I agree...good girl Gracie, I know I told this story before, but years ago a local Firefighter got a GSD against his wifes wishes, they had a 3yr old little girl and she was so concerned about having this big dog. Anyway, I helped him out with the obedience, No protection training done whatso ever... a few years later,he came by to tell me this story-he was outside,across the street with his neighbor, his little girl out in the back yard playing, he heard her calling Baron,Baron...but thought nothing of it, as she loved the dog. The dog was inside the house, until he and his neighbor saw the dog crash through the front picture window, and go flying to the back yard. Of course the guys went running - to see Baron attacking some guy that had a hold of the 3 year old, going out the back of the property along the canal bank. Needless to say,the wife gave the dog a steak that night. Dogs are awesome!!

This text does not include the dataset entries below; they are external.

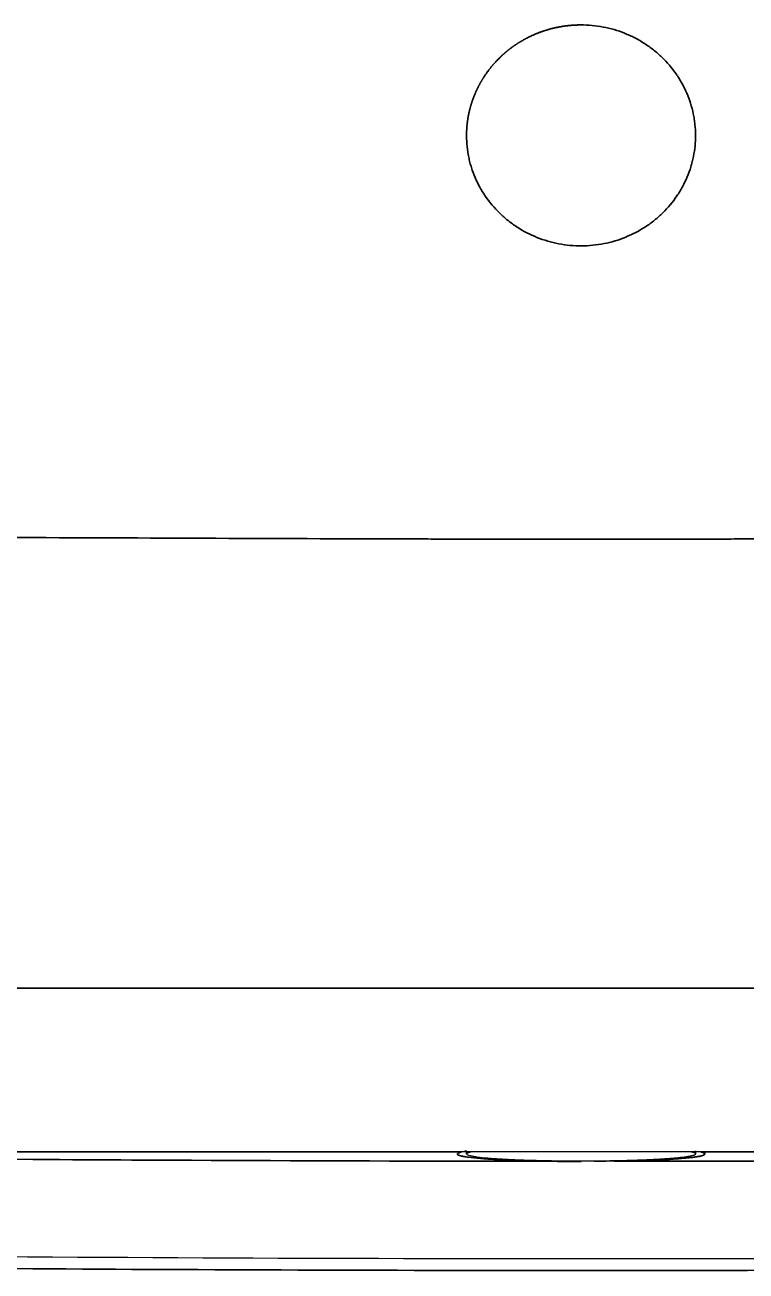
# Model space of a CAD drawing. Header units: millimetres. Extents: x 0 to 2561, y -987 to 790.
# Drawn here: x 623.1 to 739.6, y 417.4 to 618.7 of the extents above; entities that cross this region are included whole.
import ezdxf

# ---------------------------------------------------------------- set-up
doc = ezdxf.new("R2010")
doc.units = ezdxf.units.MM
doc.layers.add('Blocks', color=7, linetype='Continuous')
doc.layers.add('Blocks$Inner', color=7, linetype='Continuous', lineweight=25, true_color=0x007f00)
doc.layers.add('Blocks$Outline', color=7, linetype='Continuous', lineweight=35, true_color=0xff3f3f)

# ---------------------------------------------------------------- blocks, each defined once
blk = doc.blocks.new('Balcony Dining Bench Front')
at = {"layer": 'Blocks$Inner'}
blk.add_rational_spline([(694.41, 600.81), (694.41, 601.37), (694.43, 601.93), (694.52, 602.79), (694.55, 603.08), (694.64, 603.66), (694.69, 603.95), (694.98, 605.38), (695.33, 606.5), (695.9, 607.85), (696.02, 608.12), (696.28, 608.65), (696.41, 608.92), (696.84, 609.69), (697.15, 610.2), (698.15, 611.65), (698.91, 612.56), (699.98, 613.61), (700.2, 613.81), (700.65, 614.21), (700.88, 614.4), (701.57, 614.96), (702.06, 615.31), (703.06, 615.96), (703.57, 616.26), (704.64, 616.82), (705.2, 617.08), (706.88, 617.76), (708.03, 618.1), (709.81, 618.45), (710.41, 618.54), (711.63, 618.66), (712.24, 618.69), (712.85, 618.69)], [1.00000000642, 1.00000000644, 1.00000000646, 1.0000000065, 1.00000000651, 1.00000000653, 1.00000000655, 1.00000000661, 1.00000000665, 1.00000000671, 1.00000000673, 1.00000000675, 1.00000000676, 1.00000000679, 1.00000000682, 1.00000000688, 1.00000000692, 1.00000000697, 1.00000000698, 1.000000007, 1.00000000701, 1.00000000704, 1.00000000705, 1.00000000708, 1.0000000071, 1.00000000712, 1.00000000714, 1.00000000717, 1.00000000719, 1.0000000072, 1.00000000721, 1.00000000721, 1.00000000721, 1.00000000721], degree=3, knots=[146.633983, 146.633983, 146.633983, 146.633983, 148.395375, 148.395375, 149.308743, 149.308743, 150.222111, 150.222111, 153.875581, 153.875581, 154.788948, 154.788948, 155.702316, 155.702316, 157.529051, 157.529051, 161.182521, 161.182521, 162.095889, 162.095889, 163.009256, 163.009256, 164.835992, 164.835992, 166.662727, 166.662727, 168.489462, 168.489462, 172.142932, 172.142932, 173.969667, 173.969667, 175.796402, 175.796402, 175.796402, 175.796402], dxfattribs=at)
for points, knots in [([(712.85, 618.69), (713.46, 618.69), (714.07, 618.67), (715.29, 618.55), (715.89, 618.47), (717.67, 618.13), (718.83, 617.79), (720.51, 617.12), (721.07, 616.87), (722.14, 616.32), (722.66, 616.02), (723.66, 615.37), (724.15, 615.02), (725.09, 614.28), (725.54, 613.89), (726.83, 612.64), (727.6, 611.74), (728.61, 610.29), (728.92, 609.79), (729.49, 608.76), (729.75, 608.22), (730.45, 606.6), (730.8, 605.49), (731.1, 604.06), (731.15, 603.77), (731.24, 603.19), (731.28, 602.9), (731.37, 602.02), (731.4, 601.44), (731.41, 600.86)], [175.796402, 175.796402, 175.796402, 175.796402, 177.623177, 177.623177, 179.449952, 179.449952, 183.103501, 183.103501, 184.930276, 184.930276, 186.757051, 186.757051, 188.583826, 188.583826, 190.410601, 190.410601, 194.06415, 194.06415, 195.890925, 195.890925, 197.7177, 197.7177, 201.37125, 201.37125, 202.284637, 202.284637, 203.198024, 203.198024, 205.024799, 205.024799, 205.024799, 205.024799]), ([(191.8, 538.81), (192.51, 538.8), (193.23, 538.8), (195.36, 538.78), (196.79, 538.76), (201.06, 538.72), (203.91, 538.7), (212.46, 538.62), (218.16, 538.56), (229.55, 538.46), (235.25, 538.41), (246.57, 538.31), (252.18, 538.26), (263.41, 538.16), (269.03, 538.12), (285.89, 537.97), (297.1, 537.88), (319.58, 537.7), (330.81, 537.61), (353.28, 537.44), (364.52, 537.36), (386.99, 537.2), (398.22, 537.12), (420.7, 536.96), (431.93, 536.89), (454.41, 536.75), (465.64, 536.68), (488.12, 536.54), (499.36, 536.48), (516.22, 536.39), (521.83, 536.36), (533.07, 536.3), (538.69, 536.27), (555.55, 536.18), (566.79, 536.13), (589.27, 536.02), (600.51, 535.98), (622.99, 535.88), (634.23, 535.84), (656.71, 535.75), (667.95, 535.71), (682, 535.67), (684.81, 535.66), (689.02, 535.65), (690.43, 535.64), (692.53, 535.64), (693.24, 535.63), (694.29, 535.63), (694.64, 535.63), (694.99, 535.63)], [6849.120009, 6849.120009, 6849.120009, 6849.120009, 6851.261475, 6851.261475, 6855.544424, 6855.544424, 6864.11029, 6864.11029, 6881.241965, 6881.241965, 6898.373636, 6898.373636, 6915.253975, 6915.253975, 6932.134292, 6932.134292, 6965.916809, 6965.916809, 6999.677349, 6999.677349, 7033.437811, 7033.437811, 7067.198201, 7067.198201, 7100.958522, 7100.958522, 7134.718779, 7134.718779, 7168.478981, 7168.478981, 7185.359041, 7185.359041, 7202.239092, 7202.239092, 7235.999206, 7235.999206, 7269.75929, 7269.75929, 7303.519357, 7303.519357, 7337.279365, 7337.279365, 7345.719356, 7345.719356, 7349.939359, 7349.939359, 7352.049357, 7352.049357, 7353.104365, 7353.104365, 7353.104365, 7353.104365]), ([(730.82, 535.63), (731.17, 535.63), (731.52, 535.63), (732.58, 535.63), (733.28, 535.64), (735.39, 535.64), (736.79, 535.65), (741.01, 535.66), (743.82, 535.67), (757.87, 535.71), (769.11, 535.75), (791.59, 535.84), (802.83, 535.88), (825.31, 535.98), (836.55, 536.02), (859.02, 536.13), (870.26, 536.18), (887.12, 536.27), (892.74, 536.3), (903.98, 536.36), (909.6, 536.39), (926.46, 536.48), (937.69, 536.54), (960.17, 536.68), (971.41, 536.75), (993.88, 536.89), (1005.12, 536.96), (1027.59, 537.12), (1038.83, 537.2), (1061.3, 537.36), (1072.53, 537.44), (1095, 537.61), (1106.24, 537.7), (1128.71, 537.88), (1139.93, 537.97), (1156.78, 538.12), (1162.4, 538.16), (1173.63, 538.26), (1179.25, 538.31), (1190.56, 538.41), (1196.26, 538.46), (1207.66, 538.56), (1213.36, 538.62), (1221.9, 538.7), (1224.75, 538.72), (1229.03, 538.76), (1230.45, 538.78), (1232.59, 538.8), (1233.3, 538.8), (1234.01, 538.81)], [7389.097547, 7389.097547, 7389.097547, 7389.097547, 7390.152555, 7390.152555, 7392.262553, 7392.262553, 7396.482556, 7396.482556, 7404.922546, 7404.922546, 7438.682555, 7438.682555, 7472.442621, 7472.442621, 7506.202706, 7506.202706, 7539.96282, 7539.96282, 7556.842871, 7556.842871, 7573.722931, 7573.722931, 7607.483133, 7607.483133, 7641.24339, 7641.24339, 7675.003711, 7675.003711, 7708.7641, 7708.7641, 7742.524563, 7742.524563, 7776.285103, 7776.285103, 7810.06762, 7810.06762, 7826.947937, 7826.947937, 7843.828276, 7843.828276, 7860.959946, 7860.959946, 7878.091622, 7878.091622, 7886.657487, 7886.657487, 7890.940437, 7890.940437, 7893.081903, 7893.081903, 7893.081903, 7893.081903]), ([(694.99, 535.63), (695.34, 535.63), (695.7, 535.63), (696.75, 535.62), (697.45, 535.62), (698.86, 535.62), (699.56, 535.62), (701.67, 535.62), (703.07, 535.62), (705.2, 535.62), (705.86, 535.62), (707.29, 535.62), (707.99, 535.62), (708.87, 535.61), (709.04, 535.61), (709.39, 535.61), (709.57, 535.61), (709.92, 535.61), (710.1, 535.61), (710.45, 535.61), (710.62, 535.61), (711.15, 535.61), (711.5, 535.61), (712.2, 535.61), (712.56, 535.61), (712.91, 535.61)], [7353.104365, 7353.104365, 7353.104365, 7353.104365, 7354.159372, 7354.159372, 7356.269387, 7356.269387, 7358.379402, 7358.379402, 7362.599435, 7362.599435, 7364.770899, 7364.770899, 7366.880915, 7366.880915, 7367.408419, 7367.408419, 7367.935923, 7367.935923, 7368.463427, 7368.463427, 7368.990925, 7368.990925, 7370.045917, 7370.045917, 7371.100956, 7371.100956, 7371.100956, 7371.100956]), ([(712.91, 535.61), (713.26, 535.61), (713.61, 535.61), (714.31, 535.61), (714.66, 535.61), (715.19, 535.61), (715.37, 535.61), (715.72, 535.61), (715.89, 535.61), (716.24, 535.61), (716.42, 535.61), (716.77, 535.61), (716.95, 535.61), (717.82, 535.62), (718.53, 535.62), (719.95, 535.62), (720.61, 535.62), (722.74, 535.62), (724.15, 535.62), (726.25, 535.62), (726.96, 535.62), (728.36, 535.62), (729.06, 535.62), (730.12, 535.63), (730.47, 535.63), (730.82, 535.63)], [7371.100956, 7371.100956, 7371.100956, 7371.100956, 7372.155994, 7372.155994, 7373.210986, 7373.210986, 7373.738485, 7373.738485, 7374.265989, 7374.265989, 7374.793493, 7374.793493, 7375.320997, 7375.320997, 7377.431012, 7377.431012, 7379.602477, 7379.602477, 7383.822509, 7383.822509, 7385.932525, 7385.932525, 7388.04254, 7388.04254, 7389.097547, 7389.097547, 7389.097547, 7389.097547]), ([(203.83, 463.23), (213.25, 463.22), (222.68, 463.22), (232.11, 463.21), (241.54, 463.21), (250.97, 463.2), (260.39, 463.2), (269.82, 463.2), (279.25, 463.19), (288.67, 463.19), (298.1, 463.18), (307.53, 463.18), (316.95, 463.18), (326.38, 463.17), (335.81, 463.17), (345.23, 463.17), (354.66, 463.17), (364.09, 463.16), (373.51, 463.16), (382.94, 463.16), (392.37, 463.15), (401.79, 463.15), (411.22, 463.15), (420.65, 463.15), (430.08, 463.14), (439.51, 463.14), (448.93, 463.14), (458.36, 463.14), (467.79, 463.13), (477.22, 463.13), (486.64, 463.13), (496.07, 463.13), (505.5, 463.13), (514.93, 463.12), (524.36, 463.12), (533.78, 463.12), (543.21, 463.12), (552.64, 463.12), (562.06, 463.12), (571.49, 463.12), (580.92, 463.11), (590.34, 463.11), (599.77, 463.11), (609.19, 463.11), (618.62, 463.11), (628.05, 463.11), (646.9, 463.11), (665.76, 463.11), (684.61, 463.11), (703.47, 463.11), (722.32, 463.11), (741.18, 463.11), (760.04, 463.11), (778.89, 463.11), (797.75, 463.11), (807.17, 463.11), (816.6, 463.11), (826.02, 463.11), (835.45, 463.11), (844.88, 463.11), (854.3, 463.12), (863.73, 463.12), (873.16, 463.12), (882.58, 463.12), (892.01, 463.12), (901.44, 463.12), (910.86, 463.12), (920.29, 463.13), (929.72, 463.13), (939.15, 463.13), (948.58, 463.13), (958, 463.13), (967.43, 463.14), (976.86, 463.14), (986.29, 463.14), (995.72, 463.14), (1005.14, 463.15), (1014.57, 463.15), (1024, 463.15), (1033.43, 463.15), (1042.85, 463.16), (1052.28, 463.16), (1061.71, 463.16), (1071.13, 463.17), (1080.56, 463.17), (1089.99, 463.17), (1099.41, 463.17), (1108.84, 463.18), (1118.27, 463.18), (1127.69, 463.18), (1137.12, 463.19), (1146.55, 463.19), (1155.97, 463.2), (1165.4, 463.2), (1174.83, 463.2), (1184.25, 463.21), (1193.68, 463.21), (1203.11, 463.22), (1212.54, 463.22), (1221.97, 463.23)], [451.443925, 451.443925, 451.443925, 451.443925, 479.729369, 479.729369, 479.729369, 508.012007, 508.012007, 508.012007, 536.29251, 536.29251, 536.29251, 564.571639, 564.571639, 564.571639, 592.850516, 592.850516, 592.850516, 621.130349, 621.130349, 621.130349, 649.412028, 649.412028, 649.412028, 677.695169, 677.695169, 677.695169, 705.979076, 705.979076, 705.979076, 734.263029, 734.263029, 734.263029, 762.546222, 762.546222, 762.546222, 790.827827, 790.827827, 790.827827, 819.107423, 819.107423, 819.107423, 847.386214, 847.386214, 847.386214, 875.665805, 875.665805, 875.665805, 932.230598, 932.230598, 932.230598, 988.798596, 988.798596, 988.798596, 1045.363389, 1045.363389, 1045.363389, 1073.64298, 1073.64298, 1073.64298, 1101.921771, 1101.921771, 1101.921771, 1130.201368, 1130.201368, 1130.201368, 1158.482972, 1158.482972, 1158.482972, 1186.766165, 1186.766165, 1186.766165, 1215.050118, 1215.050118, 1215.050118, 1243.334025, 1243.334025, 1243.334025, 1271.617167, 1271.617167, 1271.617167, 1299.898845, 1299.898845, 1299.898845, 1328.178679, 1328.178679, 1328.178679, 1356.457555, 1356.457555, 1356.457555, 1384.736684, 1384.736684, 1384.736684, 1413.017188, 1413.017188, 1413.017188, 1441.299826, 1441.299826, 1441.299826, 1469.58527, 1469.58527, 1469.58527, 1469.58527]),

_"if you have a stressful situation,do what dogs do....piss on it, and move on! " _


----------



## Chad Byerly (Jun 24, 2008)

What a great pup! Obviously, I hope they are finding the perp. Maybe a K9 will finish Gracie's fight...


----------



## Ajerthan Nathan (Nov 2, 2008)

Impressive indeed


----------



## Ted Efthymiadis (Apr 3, 2009)

Bob Scott said:


> http://www.stltoday.com/stltoday/ne...EBE545AC6941E9FD862574F300129833?OpenDocument
> 
> I'd be really curious what the background on this dog is.
> BYB, working bred, ???
> Either way it's nice to see a GSD that can be a "real dog" when the chips are down.


 

"That's all right. I'll be back to finish what I started," he said, and slammed the door in the dog's face.
Awesome dog, but I would be buying a gun!


----------



## Adam Rawlings (Feb 27, 2009)

Maybe Gracie could play in the lead role in Alyssa's theatrical rendition of White Fang.=P~


----------



## Gary Garner (Jun 30, 2007)

I'm not able to get the news page up..

Where else can I see it please? Any other links?


----------



## Bob Scott (Mar 30, 2006)

Gary, Google German Shepherd Gracie saves owner.


----------